Task objective: Looking through the data, please report how many lines contain the string "linework", giving nothing but the number.
##### Excerpted records #####
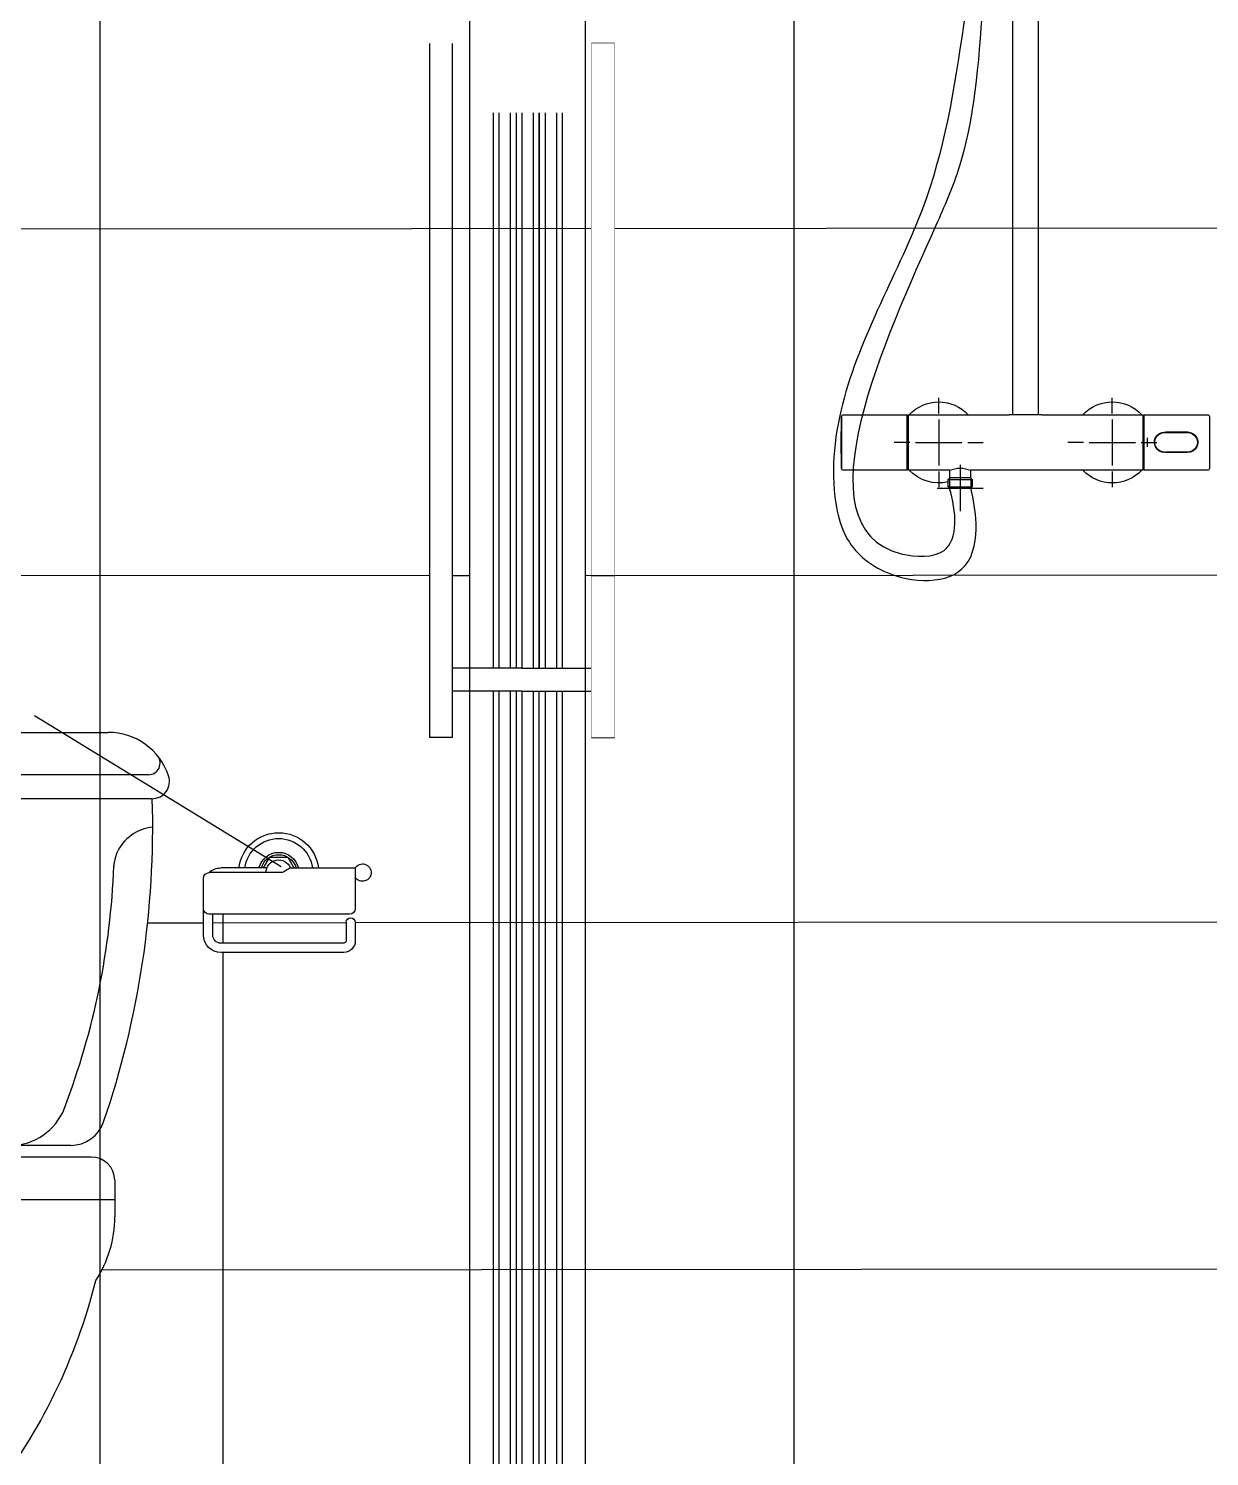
# Model space of a CAD drawing. Header units: centimetres. Extents: x -1797 to 2001, y -8788 to 1856.
# Drawn here: x -841.3 to -739.2, y -5532.3 to -5408.9 of the extents above; entities that cross this region are included whole.
import ezdxf

# ---------------------------------------------------------------- set-up
doc = ezdxf.new("R2010")
doc.units = ezdxf.units.CM
doc.header["$LTSCALE"] = 100
doc.header["$MEASUREMENT"] = 0
doc.set_wipeout_variables(frame=1)
doc.linetypes.add('HIDDEN', pattern=[0.375, 0.25, -0.125])
for name, color, linetype in [('HIDDEN -03', 8, 'HIDDEN'), ('ID_Flooring_02', 127, 'Continuous'), ('ID_Furniture-Fixed_01', 141, 'Continuous'), ('ID_Furniture-Fixed_02', 145, 'Continuous'), ('WALL-01', 7, 'Continuous'), ('WALL-03', 2, 'Continuous'), ('WALL-04', 1, 'Continuous'), ('WALL-05', 8, 'Continuous')]:
    doc.layers.add(name, color=color, linetype=linetype)
doc.styles.add('ISO', font='isocp2.shx', dxfattribs={"width": 0.8})
doc.dimstyles.new('DIM DET', dxfattribs={"dimtxt": 0.05, "dimasz": 0.025, "dimexe": 0.025, "dimexo": 0.025, "dimgap": 0.025, "dimtad": 1, "dimzin": 0, "dimdsep": 46, "dimtxsty": 'ISO', "dimblk": 'ARCHTICK', "dimcen": 0.1, "dimdle": 0.025, "dimclrd": 15, "dimclre": 15, "dimclrt": 2, "dimadec": 0, "dimazin": 0, "dimtfac": 1, "dimtmove": 2, "dimatfit": 0, "dimldrblk": 'ARCHTICK', "dimfxl": 0.17, "dimtzin": 1, "dimarcsym": 0})

# ---------------------------------------------------------------- blocks, each defined once
blk = doc.blocks.new('shower_d')
at = {"layer": 'WALL-03'}
for p, q in [((2434.18, -5355.46), (2434.18, -5055.58)), ((2444.18, -5355.46), (2444.18, -5055.58))]:
    blk.add_line(p, q, dxfattribs=at)
at = {"layer": 'WALL-04'}
for p, q in [((2445.68, -5289.46), (2445.68, -5229.46)), ((2447.68, -5229.46), (2447.68, -5289.46)), ((2439.68, -5283.46), (2433.68, -5283.46)), ((2439.68, -5283.46), (2445.68, -5283.46)), ((2439.68, -5285.46), (2433.68, -5285.46)), ((2439.68, -5285.46), (2445.68, -5285.46)), ((2445.68, -5289.46), (2447.68, -5289.46))]:
    blk.add_line(p, q, dxfattribs=at)
blk.add_lwpolyline([(2433.68, -5229.46), (2433.68, -5289.46), (2431.68, -5289.46), (2431.68, -5229.46)], close=True, dxfattribs=at)
for points in [[(2436.18, -5283.46), (2436.18, -5235.46)], [(2436.18, -5283.46), (2436.18, -5235.46)], [(2438.18, -5283.46), (2438.18, -5235.46)], [(2438.18, -5235.46), (2438.18, -5283.46)], [(2440.18, -5235.46), (2440.18, -5283.46)], [(2442.18, -5235.46), (2442.18, -5283.46)], [(2436.18, -5352.46), (2436.18, -5285.46)], [(2438.18, -5352.46), (2438.18, -5285.46)], [(2440.18, -5285.46), (2440.18, -5352.46)], [(2442.18, -5285.46), (2442.18, -5352.46)]]:
    blk.add_lwpolyline(points, dxfattribs=at)
at = {"layer": 'WALL-05'}
for points in [[(2436.68, -5283.46), (2436.68, -5235.46)], [(2437.68, -5235.46), (2437.68, -5283.46)], [(2438.68, -5283.46), (2438.68, -5235.46)], [(2439.68, -5235.46), (2439.68, -5283.46)], [(2440.68, -5283.46), (2440.68, -5235.46)], [(2441.68, -5235.46), (2441.68, -5283.46)], [(2437.68, -5285.46), (2437.68, -5352.46), (2436.68, -5352.46), (2436.68, -5285.46)], [(2439.68, -5285.46), (2439.68, -5352.46), (2438.68, -5352.46), (2438.68, -5285.46)], [(2441.68, -5285.46), (2441.68, -5352.46), (2440.68, -5352.46), (2440.68, -5285.46)]]:
    blk.add_lwpolyline(points, dxfattribs=at)
blk.add_wipeout([(2433.68, -5229.46), (2433.68, -5289.46), (2431.68, -5289.46), (2431.68, -5229.46)]).dxf.layer = 'WALL-04'
blk = doc.blocks.new('A$C5f37530c')
at = {"layer": 'ID_Furniture-Fixed_02'}
for p, q in [((-65.65, -97.56), (-65.65, -93.56)), ((-67.65, -95.56), (-63.65, -95.56)), ((-67.5, -97), (-67.5, -95.65)), ((-66.58, -95.56), (-66.7, -95.68)), ((-66.7, -95.68), (-64.6, -95.68)), ((-66.7, -95.68), (-66.7, -96.3)), ((-66.58, -95.56), (-64.72, -95.56)), ((-66.58, -96.42), (-66.58, -95.56)), ((-64.6, -95.68), (-64.72, -95.56)), ((-64.72, -96.42), (-64.72, -95.56)), ((-64.6, -96.3), (-64.6, -95.68)), ((-52.5, -97), (-52.5, -95.65)), ((-75.9, -101.75), (-75.9, -97.25)), ((-70.25, -97.1), (-75.75, -97.1)), ((-70.23, -97.12), (-70.23, -101.88)), ((-70.15, -101.88), (-70.15, -97.12)), ((-66.58, -97.1), (-70.13, -97.1)), ((-67.5, -101.5), (-67.5, -97.5)), ((-66.7, -96.3), (-64.6, -96.3)), ((-66.7, -96.3), (-66.55, -96.45)), ((-64.75, -96.45), (-66.55, -96.45)), ((-66.55, -96.45), (-66.55, -97.11)), ((-64.75, -96.45), (-64.6, -96.3)), ((-64.75, -97.11), (-64.75, -96.45)), ((-49.87, -97.1), (-64.73, -97.1)), ((-52.5, -101.5), (-52.5, -97.5)), ((-49.85, -101.88), (-49.85, -97.12)), ((-49.78, -101.88), (-49.78, -97.12)), ((-44.26, -97.1), (-49.76, -97.1)), ((-44.11, -101.75), (-44.11, -97.25)), ((-70.15, -97.88), (-70.23, -97.95)), ((-49.78, -97.8), (-49.85, -97.8)), ((-49.85, -98.14), (-49.78, -98.14)), ((-48.33, -98.74), (-48.33, -98.71)), ((-48.18, -98.65), (-48.18, -98.68)), ((-48.18, -98.68), (-48.18, -98.68)), ((-45.99, -98.63), (-47.98, -98.63)), ((-47.88, -98.66), (-47.88, -98.63)), ((-47.88, -98.66), (-47.88, -98.66)), ((-47.8, -98.66), (-47.88, -98.66)), ((-45.99, -98.66), (-47.76, -98.66)), ((-47.74, -98.62), (-47.74, -98.67)), ((-47.73, -98.67), (-47.73, -98.62)), ((-46.73, -98.63), (-46.73, -98.66)), ((-46.7, -98.66), (-46.7, -98.63)), ((-46.3, -98.66), (-46.3, -98.63)), ((-46.18, -98.63), (-46.18, -98.66)), ((-46.16, -98.66), (-46.16, -98.62)), ((-70, -99.5), (-71.35, -99.5)), ((-69.5, -99.5), (-65.5, -99.5)), ((-65, -99.5), (-63.65, -99.5)), ((-55, -99.5), (-56.35, -99.5)), ((-54.5, -99.5), (-50.5, -99.5)), ((-50, -99.5), (-48.65, -99.5)), ((-49.78, -99.16), (-49.85, -99.16)), ((-49.85, -99.84), (-49.78, -99.84)), ((-49.49, -99.89), (-49.49, -99.11)), ((-48.83, -99.51), (-48.83, -99.51)), ((-48.82, -99.76), (-48.79, -99.76)), ((-48.69, -99.96), (-48.69, -100.04)), ((-48.48, -98.79), (-48.48, -98.82)), ((-48.43, -98.79), (-48.43, -98.76)), ((-45.3, -98.96), (-45.36, -98.96)), ((-45.3, -98.96), (-45.34, -98.96)), ((-45.28, -99.01), (-45.29, -99.01)), ((-45.14, -99.51), (-45.14, -99.51)), ((-70.23, -101.05), (-70.15, -101.12)), ((-49.78, -100.86), (-49.85, -100.86)), ((-49.85, -101.2), (-49.78, -101.2)), ((-48.66, -100.06), (-48.66, -100.02)), ((-48.48, -100.2), (-48.48, -100.24)), ((-48.43, -100.27), (-48.43, -100.23)), ((-48.33, -100.32), (-48.33, -100.28)), ((-48.18, -100.33), (-48.18, -100.37)), ((-47.98, -100.36), (-45.99, -100.36)), ((-47.88, -100.39), (-47.88, -100.36)), ((-45.97, -100.39), (-47.88, -100.39)), ((-47.74, -100.36), (-47.74, -100.39)), ((-46.98, -100.37), (-46.98, -100.39)), ((-46.7, -100.41), (-46.7, -100.37)), ((-46.5, -100.39), (-46.5, -100.37)), ((-46.18, -100.37), (-46.18, -100.4)), ((-46.16, -100.4), (-46.16, -100.36)), ((-45.99, -100.39), (-45.99, -100.39)), ((-45.34, -100.06), (-45.3, -100.06)), ((-45.26, -100.01), (-45.29, -100.01)), ((-75.75, -101.9), (-70.25, -101.9)), ((-70.13, -101.9), (-61.43, -101.9)), ((-67.5, -102), (-67.5, -103.35)), ((-58.58, -101.9), (-61.43, -101.9)), ((-61.09, -101.9), (-61.09, -144.53)), ((-58.91, -144.72), (-58.91, -101.9)), ((-58.57, -101.9), (-49.87, -101.9)), ((-52.5, -102), (-52.5, -103.35)), ((-49.76, -101.9), (-44.26, -101.9))]:
    blk.add_line(p, q, dxfattribs=at)
for centre, radius, start, end in [((-67.5, -99.5), 3.5, 76.7534, 136.7082), ((-52.5, -99.5), 3.5, 43.2918, 136.7082), ((24.07, -99.5), 100, 178.7133, 180), ((-75.75, -97.25), 0.15, 89.5454, 180), ((-70.25, -97.12), 0.02, 0, 90), ((-67.5, -99.5), 3.5, 139.213, 141.13), ((-70.13, -97.12), 0.02, 90, 180), ((-65.65, -94.88), 2.4, 247.3598, 292.6402), ((-49.87, -97.12), 0.02, 0, 90), ((-52.5, -99.5), 3.5, 39.0003, 40.787), ((-49.76, -97.12), 0.02, 90, 180), ((-44.26, -97.25), 0.15, 359.9996, 90.4821), ((-47.98, -99.51), 0.882, 89.9992, 270.0008), ((-47.98, -99.51), 0.85, 90.0004, 269.9996), ((-47.98, -99.51), 0.85, 111.7762, 180), ((-47.85, -99.83), 1.19, 110.3025, 111.8356), ((-47.98, -99.51), 0.85, 103.3587, 109.5988), ((-48.26, -98.73), 0.02, 109.5988, 121.9897), ((-48.26, -98.73), 0.0187, 112.621, 112.7961), ((-47.98, -99.55), 0.891, 90.1519, 102.8091), ((-47.8, -98.68), 0.02, 83.294, 90), ((-47.8, -98.68), 0.02, 86.0866, 86.7117), ((-45.99, -99.51), 0.882, 269.9992, 90.0008), ((-45.99, -99.51), 0.85, 269.998, 90.0019), ((-45.99, -99.51), 0.85, 36.7057, 90.1057), ((24.07, -99.5), 100, 180, 181.2906), ((-47.98, -99.51), 0.882, 180.0203, 218.9819), ((-46.23, -99.68), 1.14, 34.3583, 36.212), ((-45.29, -98.99), 0.02, 216.7057, 270), ((-45.99, -99.51), 0.882, 327.2181, 359.9788), ((-47.98, -99.54), 0.854, 266.7497, 270.1041), ((-45.99, -99.51), 0.88, 269.9155, 285.9913), ((-45.84, -99.61), 0.673, 322.833, 325.9004), ((-45.3, -100.03), 0.0163, 111.1759, 143.0978), ((-45.29, -100.03), 0.0145, 84.8109, 119.3587), ((-45.89, -99.57), 0.766, 323.9219, 327.2875), ((-75.75, -101.75), 0.15, 180, 270.4553), ((-70.25, -101.88), 0.02, 270, 0), ((-67.5, -99.5), 3.5, 218.87, 220.787), ((-70.13, -101.88), 0.02, 180, 270), ((-67.5, -99.5), 3.5, 223.2918, 316.7082), ((-52.5, -99.5), 3.5, 223.2918, 316.7082), ((-49.87, -101.88), 0.02, 270, 0), ((-52.5, -99.5), 3.5, 319.213, 320.9997), ((-49.76, -101.88), 0.02, 180, 270), ((-44.26, -101.75), 0.15, 269.5699, 0.0001)]:
    blk.add_arc(centre, radius, start, end, dxfattribs=at)
for centre, major_axis, start_param, end_param in [((-48.03, -98.66), (0.15, 0), -1.230957, -0.25268), ((-47.76, -98.66), (0.04, 0), 3.330571, 4.712389), ((-48.03, -100.39), (-0.15, 0), 1.910633, 3.287175)]:
    blk.add_ellipse(centre, major_axis=major_axis, ratio=0.005269, start_param=start_param, end_param=end_param, dxfattribs=at)
blk.add_spline([(-65.22, -136.56), (-68.6, -120.55), (-75.69, -103.33), (-76.4, -94.23), (-75.66, -91.64), (-72.2, -88.36), (-65.21, -88.86), (-64.27, -92.5), (-64.72, -95.56)], degree=3, dxfattribs=at)
for points, knots in [([(-63.72, -137.18), (-64.07, -132.25), (-64.54, -125.58), (-70.61, -111.68), (-80.86, -89.86), (-65.63, -89.46), (-65.97, -93.55), (-66.58, -95.56)], [0, 0, 0, 0, 14.380563, 19.458573, 47.988071, 51.956439, 57.727606, 57.727606, 57.727606, 57.727606]), ([(-48.68, -100.02), (-48.68, -100.02), (-48.68, -100.02), (-48.67, -100.03), (-48.67, -100.03), (-48.66, -100.03)], [0.3397035, 0.3397035, 0.3397035, 0.3397035, 0.5, 0.5, 1, 1, 1, 1])]:
    blk.add_open_spline(points, degree=3, knots=knots, dxfattribs=at)
blk.add_open_spline([(-45.27, -100.02), (-45.27, -100.02), (-45.26, -100.01), (-45.26, -100.01)], degree=3, dxfattribs=at)
blk = doc.blocks.new('Paper Holder - Front Elev')
at = {"layer": 'ID_Furniture-Fixed_01'}
for p, q in [((-10.2, 4), (-66.2, 4)), ((-66.2, 4), (-66.2, -31)), ((-10.2, 4), (-4.5, 0.7)), ((-2, 0), (60, 0)), ((10.2, 4), (50, 4)), ((65, -31), (65, -5)), ((65, -54), (65, -11)), ((-61.2, -36), (60, -36)), ((57, -54), (57, -36)), ((-66.2, -43), (-66.2, -59)), ((-58.2, -43), (-58.2, -59)), ((-56.2, -61), (50, -61)), ((-56.2, -69), (50, -69))]:
    blk.add_line(p, q, dxfattribs=at)
at = {"layer": 'ID_Furniture-Fixed_01', "flags": 128}
blk.add_lwpolyline([(13.2, 4), (7.7, 13.4), (-7.8, 13.4), (-13.2, 4)], dxfattribs=at)
at = {"layer": 'ID_Furniture-Fixed_01'}
for centre, radius, start, end in [((0, 0), 34.5, 0, 0), ((0, 0), 34.5, 6.658, 173.342), ((0, 0), 29.5, 0, 0), ((0, 0), 29.5, 7.7929, 172.2071), ((0, 0), 17.5, 13.213, 166.787), ((0, 0), 15.5, 14.9552, 165.0448), ((-72.5, 0), 7.5, 32.231, 327.769), ((0, 0), 11, 0, 158.6763), ((-2, 5), 5, 240, 270), ((50, -11), 15, 47.1435, 90), ((60, -5), 5, 0, 90), ((-61.2, -31), 5, 180, 270), ((60, -31), 5, 270, 0), ((-62.2, -43), 4, 0, 180), ((-56.2, -59), 10, 180, 270), ((-56.2, -59), 2, 180, 270), ((50, -54), 15, 270, 0), ((50, -54), 7, 270, 0)]:
    blk.add_arc(centre, radius, start, end, dxfattribs=at)
blk = doc.blocks.new('WC')
at = {"layer": 'ID_Furniture-Fixed_01'}
for p, q in [((-308.0993, 138.2746), (-307.7534, 138.2746)), ((-307.7185, 138.238), (-308.1342, 138.238)), ((-307.7154, 138.2173), (-308.1373, 138.2173)), ((-307.7677, 137.9075), (-308.085, 137.9075)), ((-307.7857, 137.9176), (-308.067, 137.9176)), ((-308.105, 137.8875), (-308.105, 137.8558)), ((-307.7477, 137.8875), (-307.7477, 137.8558)), ((-308.105, 137.8707), (-307.7477, 137.8707)), ((-307.9979, 137.6175), (-308.0302, 137.5247)), ((-307.8549, 137.6148), (-307.8226, 137.522)), ((-307.7842, 137.522), (-308.0686, 137.5247)), ((-308.0686, 137.5247), (-308.0686, 137.5102)), ((-307.7842, 137.522), (-307.7842, 137.5075))]:
    blk.add_line(p, q, dxfattribs=at)
for centre, radius, start, end in [((-308.0993, 138.2194), 0.0552, 90, 161.2884), ((-307.7534, 138.2194), 0.0552, 18.7116, 90), ((-308.1342, 138.248), 0.01, 140.6489, 270), ((-307.7185, 138.248), 0.01, 270, 39.3511), ((-308.1373, 138.2323), 0.015, 161.2884, 270), ((-307.7154, 138.2323), 0.015, 270, 18.7116), ((-307.3489, 138.1932), 0.7889, 178.2527, 198.881), ((-308.5038, 138.1932), 0.7889, 341.119, 1.7473), ((-308.1417, 138.1546), 0.0383, 24.3042, 84.1749), ((-307.711, 138.1546), 0.0383, 95.8251, 155.6958), ((-308.1342, 138.158), 0.03, 2.1022, 24.3042), ((-307.7185, 138.158), 0.03, 155.6958, 177.8978), ((-307.4532, 138.183), 0.6514, 182.1022, 200.9783), ((-308.3995, 138.183), 0.6514, 339.0217, 357.8978), ((-308.0148, 137.9676), 0.05, 200.9783, 270), ((-307.8379, 137.9676), 0.05, 270, 339.0217), ((-308.067, 137.9476), 0.03, 198.881, 270), ((-307.7857, 137.9476), 0.03, 270, 341.119), ((-308.085, 137.8875), 0.02, 90, 180), ((-307.7677, 137.8875), 0.02, 360, 90), ((-308.005, 137.8558), 0.1, 180, 213.3104), ((-307.8477, 137.8558), 0.1, 326.6896, 0), ((-307.6178, 137.9195), 0.4855, 194.1453, 218.458), ((-308.2467, 137.921), 0.4973, 321.9897, 346.0119), ((-307.9208, 137.9107), 0.3031, 255.262, 282.5637)]:
    blk.add_arc(centre, radius, start, end, dxfattribs=at)
blk = doc.blocks.new('_ARCHTICK')
at = {"color": 0, "linetype": 'ByBlock', "const_width": 0.15}
blk.add_lwpolyline([(-0.5, -0.5), (0.5, 0.5)], dxfattribs=at)

msp = doc.modelspace()

# ---------------------------------------------------------------- linework, layer by layer
at = {"layer": 'ID_Flooring_02'}
for p, q in [((-835.15, -5236.26), (-835.15, -5546.26)), ((-775.15, -5236.26), (-775.15, -5546.26)), ((-949.21, -5426.26, 0), (-713.15, -5426.06)), ((-831.01, -5486.16, 0), (-826.18, -5486.15, 0)), ((-825.38, -5486.15, 0), (-813.87, -5486.14, 0)), ((-824.5, -5485.42), (-824.5, -5487.92)), ((-813.07, -5486.14, 0), (-713.15, -5486.06)), ((-824.5, -5488.72), (-824.5, -5546.14)), ((-834.96, -5516.16, 0), (-713.15, -5516.06))]:
    msp.add_line(p, q, dxfattribs=at)

# ---------------------------------------------------------------- block references
at = {"layer": 'ID_Furniture-Fixed_01'}
for name, p, xscale, yscale, zscale in [('WC', (29940.92, -19297.16), 100, 100, 100), ('Paper Holder - Front Elev', (-819.68, -5481.82), -0.09999999999763531, 0.09999999999763531, 0.09999999999763531)]:
    msp.add_blockref(name, p, dxfattribs=dict(at, xscale=xscale, yscale=yscale, zscale=zscale))
at = {"layer": 'WALL-03', "xscale": -1, "rotation": 180}
msp.add_blockref('A$C5f37530c', (-695.12, -5544.14, 0), dxfattribs=at)

# ---------------------------------------------------------------- leaders
at = {"layer": 'HIDDEN -03'}
msp.add_leader([(-819.48, -5481.32, 0), (-1004.84, -5367.88, 0), (-1098.6, -5367.88, 0)], dimstyle='DIM DET', override={"dimasz": 0.04, "dimtad": 0, "dimclrd": 251, "dimldrblk": 'Dot', "dimfxl": 0.1}, dxfattribs=at)

# ---------------------------------------------------------------- next in the draw order: block references
at = {"layer": 'WALL-01', "xscale": -1}
msp.add_blockref('shower_d', (1641.03, -180.68), dxfattribs=at)

# ---------------------------------------------------------------- next in the draw order: linework, layer by layer
at = {"layer": 'ID_Flooring_02'}
msp.add_line((-793.15, -5456.13, 0), (-713.12, -5456.06), dxfattribs=at)
at = {"layer": 'WALL-01'}
for p, q in [((-806.65, -5456.17, 0), (-947.21, -5456.09, 0)), ((-803.15, -5456.18), (-804.65, -5456.18, 0))]:
    msp.add_line(p, q, dxfattribs=at)

doc.saveas('drawing.dxf')
#####
Result below: 2